Mom to many: Casselton teacher, mother of 9 says she’s never lonely

Casselton, N.D. - In that hectic time between the final school bell and dinner, Tanya Parker pauses to shoot some hoops with her boys and play piano with her soon-to-be stepdaughter before quizzing another future stepdaughter on her spelling words and making sure another daughter is caught up on her math homework.

By: By Tracy Frank, INFORUM

Casselton, N.D. - In that hectic time between the final school bell and dinner, Tanya Parker pauses to shoot some hoops with her boys and play piano with her soon-to-be stepdaughter before quizzing another future stepdaughter on her spelling words and making sure another daughter is caught up on her math homework.

As a kindergarten teacher and mother of nine, Parker is always on.

A painted phrase stenciled above the dining table where three children work on homework proclaims, “Love, laughter, and friendship always welcome here.” It’s a sentiment that seems to ring true in Parker’s home.

The 38-year-old Casselton woman has two biological children, three adopted children, and three who will become her stepchildren when she remarries in September. She also has a step-daughter from a previous marriage who Parker says will “always be my daughter.”

Parker went through two miscarriages and a stillbirth before she had her first biological child. She started fostering before adopting, and two of her adopted children are also biological siblings.

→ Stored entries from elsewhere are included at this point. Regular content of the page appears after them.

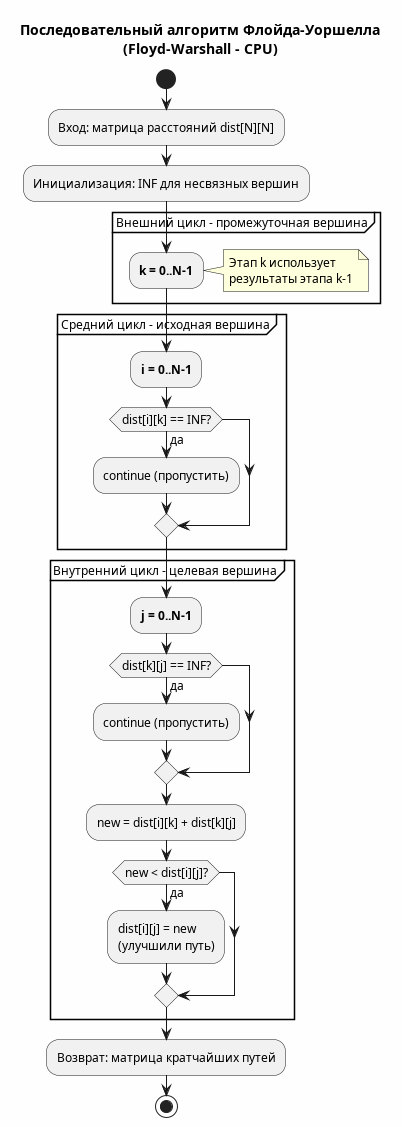

The diagram above was rendered by PlantUML. Its source (embedded in the PNG):
@startuml Sequence
title Последовательный алгоритм Флойда-Уоршелла\n(Floyd-Warshall - CPU)

skinparam backgroundColor #FEFEFE
skinparam defaultFontSize 12

start
:Вход: матрица расстояний dist[N][N];
:Инициализация: INF для несвязных вершин;

partition "Внешний цикл - промежуточная вершина" {
    :**k = 0..N-1**;
    note right: Этап k использует\nрезультаты этапа k-1
}

partition "Средний цикл - исходная вершина" {
    :**i = 0..N-1**;
    if (dist[i][k] == INF?) then (да)
        :continue (пропустить);
    endif
}

partition "Внутренний цикл - целевая вершина" {
    :**j = 0..N-1**;
    if (dist[k][j] == INF?) then (да)
        :continue (пропустить);
    endif
    :new = dist[i][k] + dist[k][j];
    if (new < dist[i][j]?) then (да)
        :dist[i][j] = new\n(улучшили путь);
    endif
}

:Возврат: матрица кратчайших путей;

stop

@enduml

“I have a very blended family,” she says with a laugh.

Parker says she adores the unconditional love that comes with being a mom.

“They can cheer me up on a bad day and put a smile on my face in an instant,” she said.

Mark Robinson, Parker’s fiancé, says she has treated his kids like her own from day one.

“She doesn’t favor anybody,” he said, adding that when she goes shopping, she comes back with outfits for all of the kids, his included.

The kids were even part of Robinson’s marriage proposal. During family game night, they spelled out ‘Will you marry me” on the Scrabble game board with the ring as the letter “o.” They’re also going to be the bridesmaids and groomsmen at Parker and Robinson’s wedding.

“It was so important to us that they were all on board with the marriage,” she said.

The good, bad and busy

The hardest part of mothering so many, she says, is getting in the middle when her kids are fighting.

“They all have their moments, but they’re fairly well-behaved kids,” she said.

Parker, who has three siblings, says she has always wanted a big family.

“I have always loved working with kids,” she said.

Parker is in her 15th year teaching kindergarten at Central Cass Elementary School. She has also worked as a babysitter, nanny, cheerleading advisor and Sunday school teacher.

Parker says she sometimes wishes her kids got her earlier in the day because after a day spent with 18 5- and 6-year-olds, she’s used up a lot of her patience. And as soon as her students are dismissed, her own kids are waiting at her classroom door. Still, Parker has a calm way of handling her kids, even during the craziest part of the day.

To de-stress, she takes quiet moments for herself and says she doesn’t need long. A drive to the grocery store without the radio on or running home to her empty house for her lunch break, she says, is enough.

Organization is key to managing meals, medications and everyone’s activities. Parker has a color-coded desk calendar she says is her Bible. And she takes a picture of the calendar with her phone so she has it wherever she goes.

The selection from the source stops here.